[[ DATA, beginning ]]

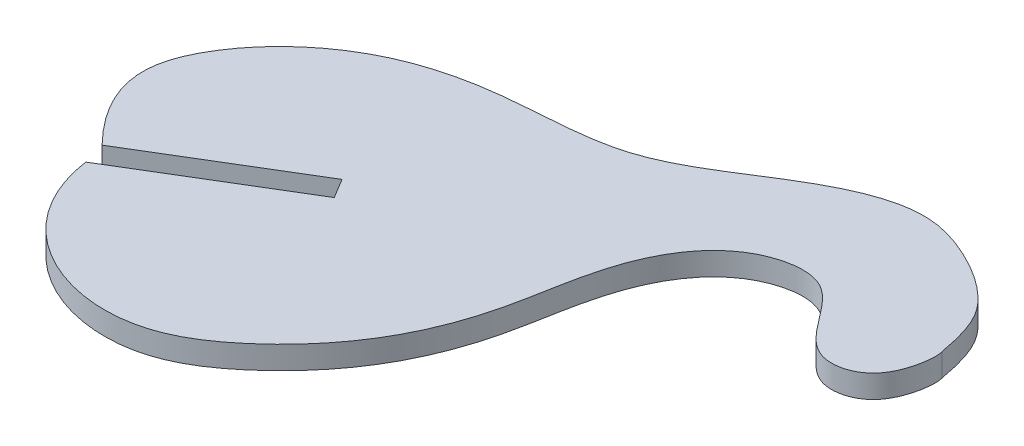
from build123d import *

# Parameters (mm, degrees)
EXTRUDE_1_DEPTH = 4


with BuildPart() as part:
    # Эскиз1 → Бобышка-Вытянуть1 (new body)
    with BuildSketch(Plane(origin=(0, 0, 0), x_dir=(1, 0, 0), z_dir=(0, 1, 0))):
        with BuildLine():
            Line((59.351976898, 27.492116897), (85.47431353, 43.242506303))
            Line((85.47431353, 43.242506303), (87.539714982, 39.816996583))
            Line((87.539714982, 39.816996583), (60.488577547, 23.506589345))
            add(Edge.make_bspline(
                [(163.826427387, 69.602217713), (164.350326554, 68.247306073), (163.280356213, 59.522708221), (150.477837292, 56.120517567), (146.093483495, 71.422105578), (130.002070287, 68.663056602), (121.098616767, 55.020799634), (119.803810225, 38.604953487), (113.65717575, 22.560279167), (104.110411774, 11.08577814), (84.567519584, -2.357604583), (62.895902113, 6.921116662), (60.488577547, 23.506589345)],
                knots=[0, 0, 0, 0, 0.056552715, 0.104069879, 0.202495964, 0.261977507, 0.363177379, 0.483727176, 0.568901478, 0.679995023, 0.759058655, 1, 1, 1, 1], degree=3))
            add(Edge.make_bspline(
                [(163.826427387, 69.602217713), (162.712049588, 76.05900402), (159.44972859, 81.223253645), (151.425014845, 86.34120513), (141.526903834, 89.626260013), (125.411823952, 84.442552935), (109.674416259, 70.114050593), (87.086939692, 70.758737467), (67.981802079, 65.851858467), (52.25940893, 51.785237476), (49.56517022, 37.520925148), (59.351976898, 27.492116897)],
                knots=[0, 0, 0, 0, 0.062136962, 0.129358077, 0.186341705, 0.26991696, 0.458076549, 0.600563621, 0.712354201, 0.857805146, 1, 1, 1, 1], degree=3))
        make_face()
    extrude(amount=EXTRUDE_1_DEPTH)


solid = part.part
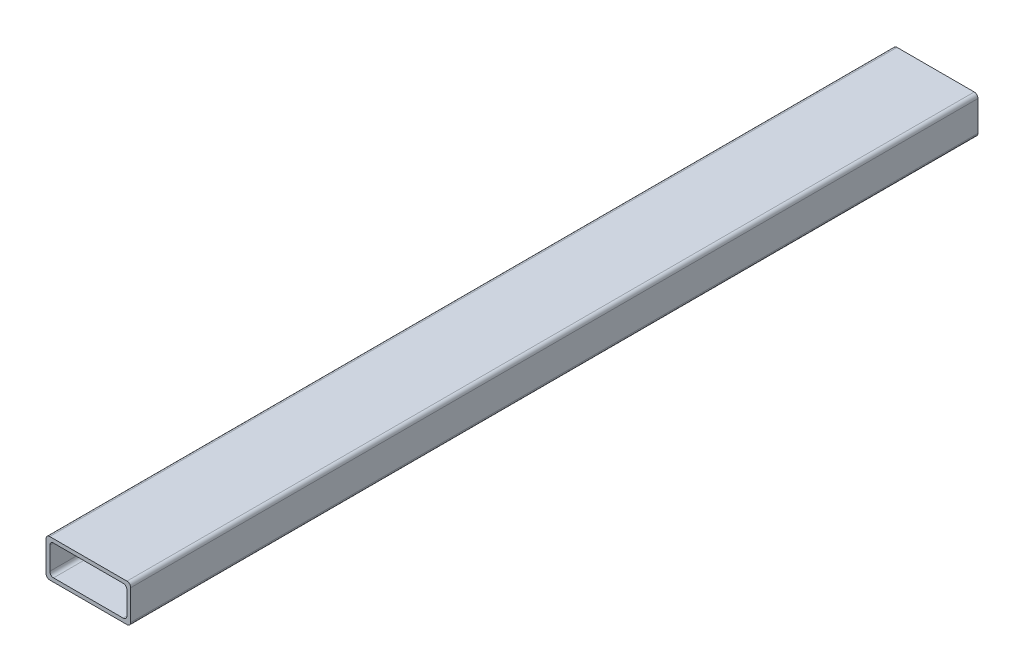
from build123d import *

# Parameters (mm, degrees)
BOSS_EXTRUDE1_DEPTH = 450


with BuildPart() as part:
    # Sketch1 → Boss-Extrude1 (new body)
    with BuildSketch(Plane.XY):
        with BuildLine():
            Line((-67.078119423, 7.732625309), (-26.078119423, 7.732625309))
            ThreePointArc((-26.078119423, 7.732625309), (-24.663905861, 8.318411746), (-24.078119423, 9.732625309))
            Line((-24.078119423, 9.732625309), (-24.078119423, 25.732625309))
            ThreePointArc((-24.078119423, 25.732625309), (-24.663905861, 27.146838871), (-26.078119423, 27.732625309))
            Line((-26.078119423, 27.732625309), (-67.078119423, 27.732625309))
            ThreePointArc((-67.078119423, 27.732625309), (-68.492332986, 27.146838871), (-69.078119423, 25.732625309))
            Line((-69.078119423, 25.732625309), (-69.078119423, 9.732625309))
            ThreePointArc((-69.078119423, 9.732625309), (-68.492332986, 8.318411746), (-67.078119423, 7.732625309))
        make_face()
        with BuildLine():
            Line((-26.078119423, 23.732625309), (-26.078119423, 11.732625309))
            ThreePointArc((-26.078119423, 11.732625309), (-26.663905861, 10.318411746), (-28.078119423, 9.732625309))
            Line((-28.078119423, 9.732625309), (-65.078119423, 9.732625309))
            ThreePointArc((-65.078119423, 9.732625309), (-66.492332986, 10.318411746), (-67.078119423, 11.732625309))
            Line((-67.078119423, 11.732625309), (-67.078119423, 23.732625309))
            ThreePointArc((-67.078119423, 23.732625309), (-66.492332986, 25.146838871), (-65.078119423, 25.732625309))
            Line((-65.078119423, 25.732625309), (-28.078119423, 25.732625309))
            ThreePointArc((-28.078119423, 25.732625309), (-26.663905861, 25.146838871), (-26.078119423, 23.732625309))
        make_face(mode=Mode.SUBTRACT)
    extrude(amount=BOSS_EXTRUDE1_DEPTH)


solid = part.part
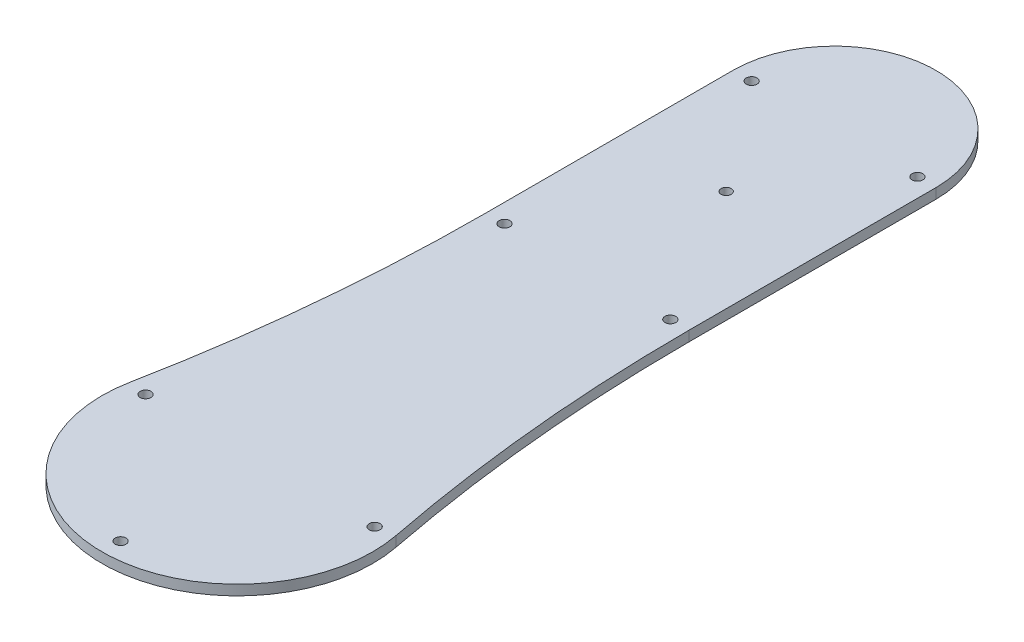
from build123d import *

# Parameters (mm, degrees)
EXTRUDE_1_DEPTH     = 3
SKETCH_2_R          = 1.6
CUT_EXTRUDE_1_DEPTH = 3
SKETCH_3_R          = 1.5
CUT_EXTRUDE_2_DEPTH = 10


with BuildPart() as part:
    # 草图1 → 凸台-拉伸1 (new body)
    with BuildSketch(Plane(origin=(0, 0, 0), x_dir=(1, 0, 0), z_dir=(0, 1, 0))):
        with BuildLine():
            Line((30, 176.457513111), (30, 103.440804328))
            ThreePointArc((30, 103.440804328), (32.320198134, 55.328281895), (39.259259259, 7.662281802))
            ThreePointArc((39.259259259, 7.662281802), (0, -40), (-39.259259259, 7.662281802))
            ThreePointArc((-39.259259259, 7.662281802), (-32.320198134, 55.328281895), (-30, 103.440804328))
            Line((-30, 103.440804328), (-30, 176.457513111))
            ThreePointArc((-30, 176.457513111), (0, 206.457513111), (30, 176.457513111))
        make_face()
    extrude(amount=EXTRUDE_1_DEPTH)

    # 草图2 → 切除-拉伸1 (cut)
    with BuildSketch(Plane(origin=(0, 3, 0), x_dir=(1, 0, 0), z_dir=(0, 1, 0))):
        with Locations(Location((0, -34.5, 0), (0, 0, 270))):
            Circle(SKETCH_2_R)
        with Locations(Location((33.842463041, 6.730809037, 0), (0, 0, 270))):
            Circle(SKETCH_2_R)
        with Locations(Location((24.500054413, 103.453580765, 0), (0, 0, 270))):
            Circle(SKETCH_2_R)
        with Locations(Location((24.500043559, 176.468944491, 0), (0, 0, 270))):
            Circle(SKETCH_2_R)
        with Locations(Location((-24.500043559, 176.468944491, 0), (0, 0, 90))):
            Circle(SKETCH_2_R)
        with Locations(Location((-24.500054413, 103.453580765, 0), (0, 0, 90))):
            Circle(SKETCH_2_R)
        with Locations(Location((-33.842463041, 6.730809037, 0), (0, 0, 90))):
            Circle(SKETCH_2_R)
    extrude(amount=-CUT_EXTRUDE_1_DEPTH, mode=Mode.SUBTRACT)

    # 草图3 → 切除-拉伸2 (cut)
    with BuildSketch(Plane(origin=(0, 3, 0), x_dir=(1, 0, 0), z_dir=(0, 1, 0))):
        with Locations(Location((0, 144.457513111, 0), (0, 0, 270))):
            Circle(SKETCH_3_R)
    extrude(amount=-CUT_EXTRUDE_2_DEPTH, mode=Mode.SUBTRACT)


solid = part.part
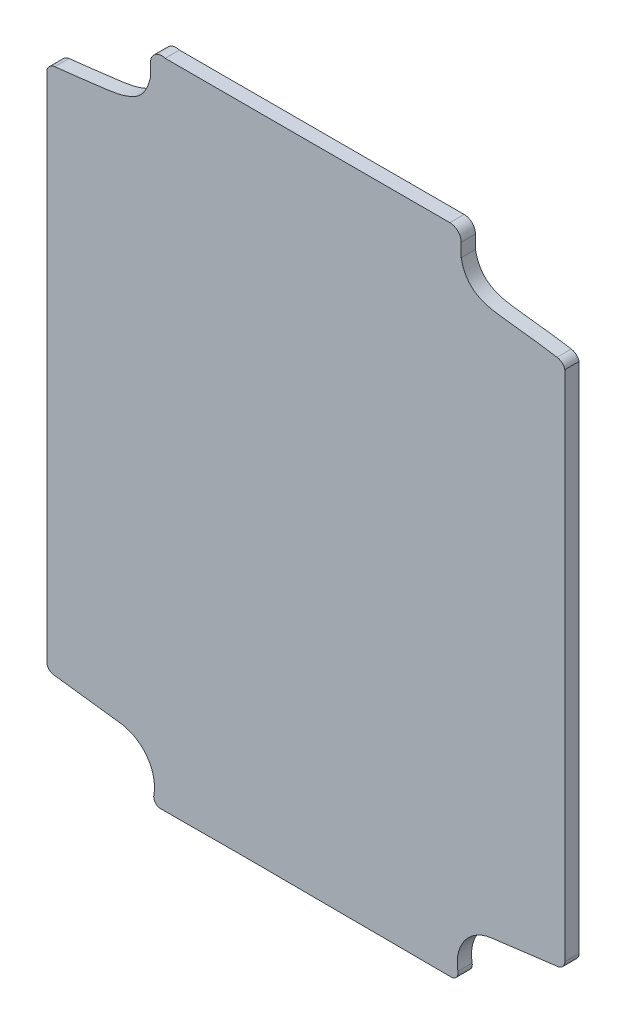
from build123d import *

# Parameters (mm, degrees)
BOSS_EXTRUDE4_DEPTH = 18
SKETCH6_R           = 18
CUT_EXTRUDE3_DEPTH  = 8


with BuildPart() as part:
    # Sketch1 → Boss-Extrude4 (new body)
    with BuildSketch(Plane.XY):
        with BuildLine():
            Line((213.665264782, 879.609661268), (572.9204346, 879.609661268))
            ThreePointArc((572.9204346, 879.609661268), (583.008118799, 875.43120566), (587.186574407, 865.343521461))
            Line((587.186574407, 865.343521461), (587.186574407, 848.420368984))
            add(Edge.make_bspline(
                [(587.186574407, 848.420368984), (591.829116762, 824.033314778), (611.99966791, 812.181249537), (684.599789251, 804.294995304), (694.209684908, 801.997984129), (708.065375119, 800.12559356)],
                knots=[0, 0, 0, 0, 0.276268626, 0.356158873, 1, 1, 1, 1], degree=3))
            ThreePointArc((708.065375119, 800.12559356), (714.29897317, 797.301145717), (717.952464771, 791.514328856))
            Line((717.952464771, 791.514328856), (717.952464771, 144.54509084))
            ThreePointArc((717.952464771, 144.54509084), (715.056603258, 137.553862701), (708.065375119, 134.658001188))
            Line((708.065375119, 134.658001188), (624.941397739, 124.091723183))
            ThreePointArc((624.941397739, 124.091723183), (591.555687243, 104.359066239), (583.008118799, 66.531530117))
            ThreePointArc((583.008118799, 66.531530117), (581.583341498, 59.765702844), (575.791709462, 55.98901019))
            Line((575.791709462, 55.98901019), (311.227107766, 57.049984824))
            Line((311.227107766, 57.049984824), (206.564905195, 56.63026147))
            ThreePointArc((206.564905195, 56.63026147), (200.773273159, 60.406954124), (199.348495858, 67.172781397))
            ThreePointArc((199.348495858, 67.172781397), (190.800927414, 105.000317519), (157.415216918, 124.732974463))
            Line((157.415216918, 124.732974463), (74.291239538, 135.299252468))
            ThreePointArc((74.291239538, 135.299252468), (67.300011399, 138.195113981), (64.404149886, 145.18634212))
            Line((64.404149886, 145.18634212), (64.404149886, 792.155580135))
            ThreePointArc((64.404149886, 792.155580135), (68.057641487, 797.942396997), (74.291239538, 800.76684484))
            add(Edge.make_bspline(
                [(195.17004025, 849.061620264), (190.007644225, 829.969181191), (180.523803756, 818.748392065), (154.390830928, 810.533653637), (101.841163507, 803.500501837), (88.146929749, 802.639235409), (74.291239538, 800.76684484)],
                knots=[0, 0, 0, 0, 0.202419016, 0.278084079, 0.357842178, 1, 1, 1, 1], degree=3))
            Line((195.17004025, 849.061620264), (195.17004025, 865.984772741))
            ThreePointArc((195.17004025, 865.984772741), (200.974796274, 877.470752432), (213.665264782, 879.609661268))
        make_face()
    extrude(amount=BOSS_EXTRUDE4_DEPTH)

    # Sketch6 → Cut-Extrude3 (cut)
    with BuildSketch(Plane.XY):
        with BuildLine():
            add(Edge.make_bspline(
                [(628.519559343, 733.853378718), (622.436437572, 736.602909747), (607.859561738, 739.081416435), (575.009381104, 729.569949895), (562.689219156, 695.402174255), (566.28876359, 775.877966835), (519.622606595, 773.821309119), (497.465177012, 734.524779905), (467.056936699, 703.690191779), (475.992120474, 664.141394999), (496.079665501, 638.85918076), (549.338361845, 634.325296579), (568.384751005, 670.062512479), (571.357487028, 653.538894898), (591.124630371, 641.065394514), (621.529923008, 634.266894409), (659.500621589, 653.98787965), (663.444716533, 700.526632138), (646.542188857, 722.387510607), (634.596545328, 731.106621024), (628.519559343, 733.853378718)],
                knots=[0, 0, 0, 0, 0.041950259, 0.101207505, 0.155785894, 0.286134428, 0.36268695, 0.37927771, 0.452042033, 0.533513298, 0.593085441, 0.660805367, 0.699094561, 0.737529829, 0.756250449, 0.796880914, 0.866236076, 0.918172316, 0.958092055, 1, 1, 1, 1], degree=3))
        make_face()
        with Locations((688.75494982, 774.427181113)):
            Circle(SKETCH6_R)
        with Locations((628.280746291, 765.77783866)):
            Circle(SKETCH6_R)
        with Locations((586.505184667, 794.503671146)):
            Circle(SKETCH6_R)
        with Locations((544.977256337, 848.420368984)):
            Circle(SKETCH6_R)
        with BuildLine():
            ThreePointArc((373.828073572, 842.809870876), (391.129238238, 854.710165383), (408.430402904, 842.809870876))
            Line((408.430402904, 842.809870876), (423.230194366, 842.809870876))
            Line((423.230194366, 842.809870876), (423.230194366, 829.886109318))
            Line((423.230194366, 829.886109318), (408.430402904, 829.886109318))
            ThreePointArc((408.430402904, 829.886109318), (391.129238238, 817.98581481), (373.828073572, 829.886109318))
            Line((373.828073572, 829.886109318), (358.194491042, 829.886109318))
            Line((358.194491042, 829.886109318), (358.194491042, 842.809870876))
            Line((358.194491042, 842.809870876), (373.828073572, 842.809870876))
        make_face()
        with Locations((390.534604697, 796.542472622)):
            Circle(SKETCH6_R)
        with Locations((236.881870191, 848.420368984)):
            Circle(SKETCH6_R)
        with Locations((194.83114996, 794.503671146)):
            Circle(SKETCH6_R)
        with BuildLine():
            add(Edge.make_bspline(
                [(153.208535675, 733.226292005), (159.291657445, 735.975823034), (173.86853328, 738.454329722), (206.718713914, 728.942863181), (219.038875861, 694.775087541), (215.439331427, 775.250880122), (262.105488423, 773.194222406), (284.262918006, 733.897693192), (314.671158319, 703.063105066), (305.735974544, 663.514308286), (285.648429517, 638.232094047), (232.389733173, 633.698209866), (213.343344013, 669.435425766), (210.37060799, 652.911808185), (190.603464646, 640.438307801), (160.198172009, 633.639807696), (122.227473429, 653.360792937), (118.283378485, 699.899545425), (135.185906161, 721.760423893), (147.131549689, 730.479534311), (153.208535675, 733.226292005)],
                knots=[0, 0, 0, 0, 0.041950259, 0.101207505, 0.155785894, 0.286134428, 0.36268695, 0.37927771, 0.452042033, 0.533513298, 0.593085441, 0.660805367, 0.699094561, 0.737529829, 0.756250449, 0.796880914, 0.866236076, 0.918172316, 0.958092055, 1, 1, 1, 1], degree=3))
        make_face()
        with Locations((153.208535675, 765.77783866)):
            Circle(SKETCH6_R)
        with Locations((92.788491292, 774.427181113)):
            Circle(SKETCH6_R)
        with BuildLine():
            ThreePointArc((683.046689386, 484.208081981), (694.946983893, 466.906917315), (683.046689386, 449.605752649))
            Line((683.046689386, 449.605752649), (683.046689386, 434.805961187))
            Line((683.046689386, 434.805961187), (670.122927828, 434.805961187))
            Line((670.122927828, 434.805961187), (670.122927828, 449.605752649))
            ThreePointArc((670.122927828, 449.605752649), (658.222633321, 466.906917315), (670.122927828, 484.208081981))
            Line((670.122927828, 484.208081981), (670.122927828, 499.841664511))
            Line((670.122927828, 499.841664511), (683.046689386, 499.841664511))
            Line((683.046689386, 499.841664511), (683.046689386, 484.208081981))
        make_face()
        with Locations((632.442252347, 466.906917315)):
            Circle(SKETCH6_R)
        with Locations((148.684237263, 466.906917315)):
            Circle(SKETCH6_R)
        with BuildLine():
            add(Edge.make_bspline(
                [(152.769709915, 199.951758541), (158.852831686, 197.202227513), (173.429707521, 194.723720824), (206.279888155, 204.235187365), (218.600050102, 238.402963005), (215.000505668, 157.927170424), (261.666662664, 159.983828141), (283.824092246, 199.280357354), (314.23233256, 230.11494548), (305.297148784, 269.66374226), (285.209603758, 294.945956499), (231.950907414, 299.47984068), (212.904518254, 263.74262478), (209.931782231, 280.266242361), (190.164638887, 292.739742745), (159.75934625, 299.538242851), (121.788647669, 279.817257609), (117.844552725, 233.278505121), (134.747080402, 211.417626653), (146.69272393, 202.698516236), (152.769709915, 199.951758541)],
                knots=[0, 0, 0, 0, 0.041950259, 0.101207505, 0.155785894, 0.286134428, 0.36268695, 0.37927771, 0.452042033, 0.533513298, 0.593085441, 0.660805367, 0.699094561, 0.737529829, 0.756250449, 0.796880914, 0.866236076, 0.918172316, 0.958092055, 1, 1, 1, 1], degree=3))
        make_face()
        with BuildLine():
            add(Edge.make_bspline(
                [(627.920021241, 200.625679272), (621.83689947, 197.876148243), (607.260023635, 195.397641555), (574.409843001, 204.909108095), (562.089681054, 239.076883735), (565.689225488, 158.601091155), (519.023068492, 160.657748871), (496.86563891, 199.954278085), (466.457398596, 230.788866211), (475.392582372, 270.337662991), (495.480127398, 295.61987723), (548.738823742, 300.153761411), (567.785212902, 264.416545511), (570.757948925, 280.940163092), (590.525092269, 293.413663476), (620.930384906, 300.212163581), (658.901083487, 280.49117834), (662.845178431, 233.952425852), (645.942650754, 212.091547383), (633.997007226, 203.372436966), (627.920021241, 200.625679272)],
                knots=[0, 0, 0, 0, 0.041950259, 0.101207505, 0.155785894, 0.286134428, 0.36268695, 0.37927771, 0.452042033, 0.533513298, 0.593085441, 0.660805367, 0.699094561, 0.737529829, 0.756250449, 0.796880914, 0.866236076, 0.918172316, 0.958092055, 1, 1, 1, 1], degree=3))
        make_face()
        with Locations((544.977256337, 85.851834909)):
            Circle(SKETCH6_R)
        with Locations((586.505184667, 139.528569683)):
            Circle(SKETCH6_R)
        with Locations((628.280746291, 168.479267413)):
            Circle(SKETCH6_R)
        with Locations((688.75494982, 159.288236475)):
            Circle(SKETCH6_R)
        with Locations((390.173892162, 137.792406875)):
            Circle(SKETCH6_R)
        with BuildLine():
            ThreePointArc((373.669173202, 104.509246607), (390.970337868, 116.409541114), (408.271502534, 104.509246607))
            Line((408.271502534, 104.509246607), (423.071293996, 104.509246607))
            Line((423.071293996, 104.509246607), (423.071293996, 91.585485049))
            Line((423.071293996, 91.585485049), (408.271502534, 91.585485049))
            ThreePointArc((408.271502534, 91.585485049), (390.970337868, 79.685190541), (373.669173202, 91.585485049))
            Line((373.669173202, 91.585485049), (358.035590672, 91.585485049))
            Line((358.035590672, 91.585485049), (358.035590672, 104.509246607))
            Line((358.035590672, 104.509246607), (373.669173202, 104.509246607))
        make_face()
        with Locations((236.881870191, 85.851834909)):
            Circle(SKETCH6_R)
        with Locations((194.83114996, 139.528569683)):
            Circle(SKETCH6_R)
        with Locations((153.208535675, 168.479267413)):
            Circle(SKETCH6_R)
        with Locations((92.788491292, 159.288236475)):
            Circle(SKETCH6_R)
        with BuildLine():
            ThreePointArc((98.72158661, 484.208081981), (86.821292103, 466.906917315), (98.72158661, 449.605752649))
            Line((98.72158661, 449.605752649), (98.72158661, 434.805961187))
            Line((98.72158661, 434.805961187), (111.645348168, 434.805961187))
            Line((111.645348168, 434.805961187), (111.645348168, 449.605752649))
            ThreePointArc((111.645348168, 449.605752649), (123.545642676, 466.906917315), (111.645348168, 484.208081981))
            Line((111.645348168, 484.208081981), (111.645348168, 499.841664511))
            Line((111.645348168, 499.841664511), (98.72158661, 499.841664511))
            Line((98.72158661, 499.841664511), (98.72158661, 484.208081981))
        make_face()
    extrude(amount=CUT_EXTRUDE3_DEPTH, mode=Mode.SUBTRACT)


solid = part.part
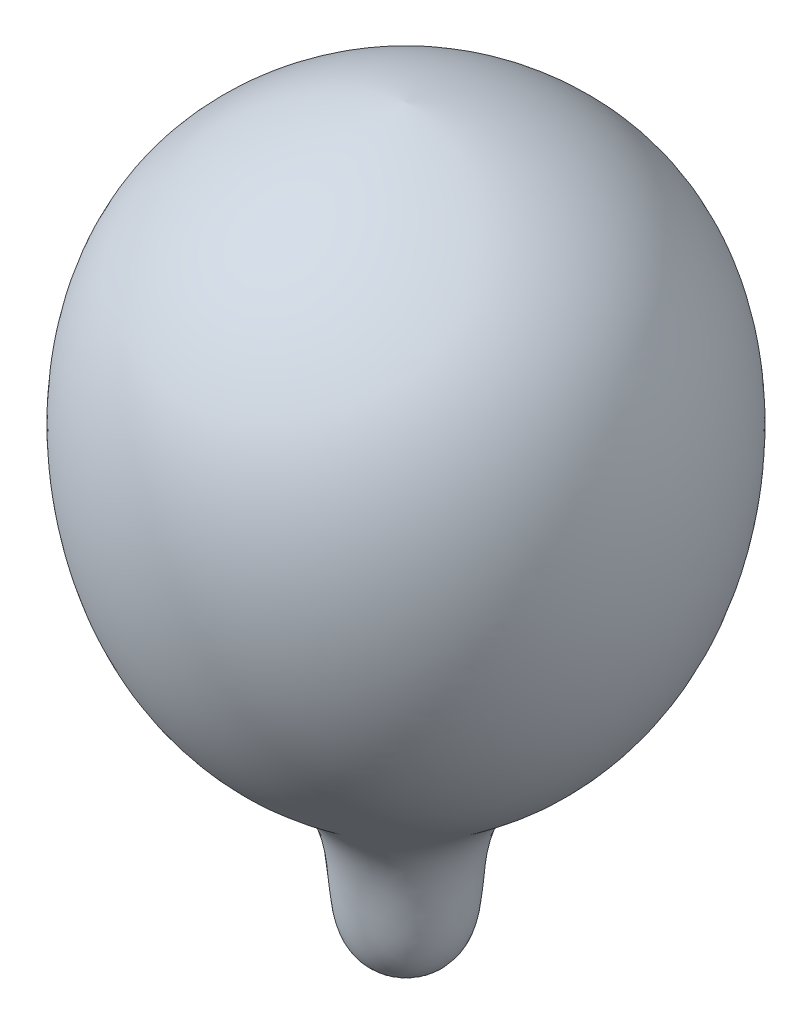
from build123d import *


with BuildPart() as part:
    # Sketch1 → Revolve1 (revolve)
    with BuildSketch(Plane.XY):
        with BuildLine():
            add(Edge.make_bspline(
                [(0, 154.376673304), (50.789597848, 148.745853307), (163.901108385, 96.344780466), (181.828978108, -79.773777952), (121.334705065, -195.770219444), (45.771564324, -239.569847756), (33.817219819, -300.68829119), (37.702453763, -340.34617196), (0, -347.294734483)],
                knots=[0, 0, 0, 0, 0.244025511, 0.505633153, 0.717447363, 0.831783835, 0.876368215, 1, 1, 1, 1], degree=3))
            Line((0, -347.294734483), (0, 154.376673304))
        make_face()
    revolve(axis=Axis((0, 154.376673304, 0), (0, -1, 0)))


solid = part.part

[[ DATA, end ]]

• **YOUR OBJECTIVE**
Go to the line with "27.146838871), (-69.078119423, 25.732625309))" in the entries above and repeat every line from there through the line with "Line((-28.078119423, 9.732625309), (-65.078119423, 9.732625309))", exactly and with no other text.

• **OUTPUT BELOW**
            ThreePointArc((-67.078119423, 27.732625309), (-68.492332986, 27.146838871), (-69.078119423, 25.732625309))
            Line((-69.078119423, 25.732625309), (-69.078119423, 9.732625309))
            ThreePointArc((-69.078119423, 9.732625309), (-68.492332986, 8.318411746), (-67.078119423, 7.732625309))
        make_face()
        with BuildLine():
            Line((-26.078119423, 23.732625309), (-26.078119423, 11.732625309))
            ThreePointArc((-26.078119423, 11.732625309), (-26.663905861, 10.318411746), (-28.078119423, 9.732625309))
            Line((-28.078119423, 9.732625309), (-65.078119423, 9.732625309))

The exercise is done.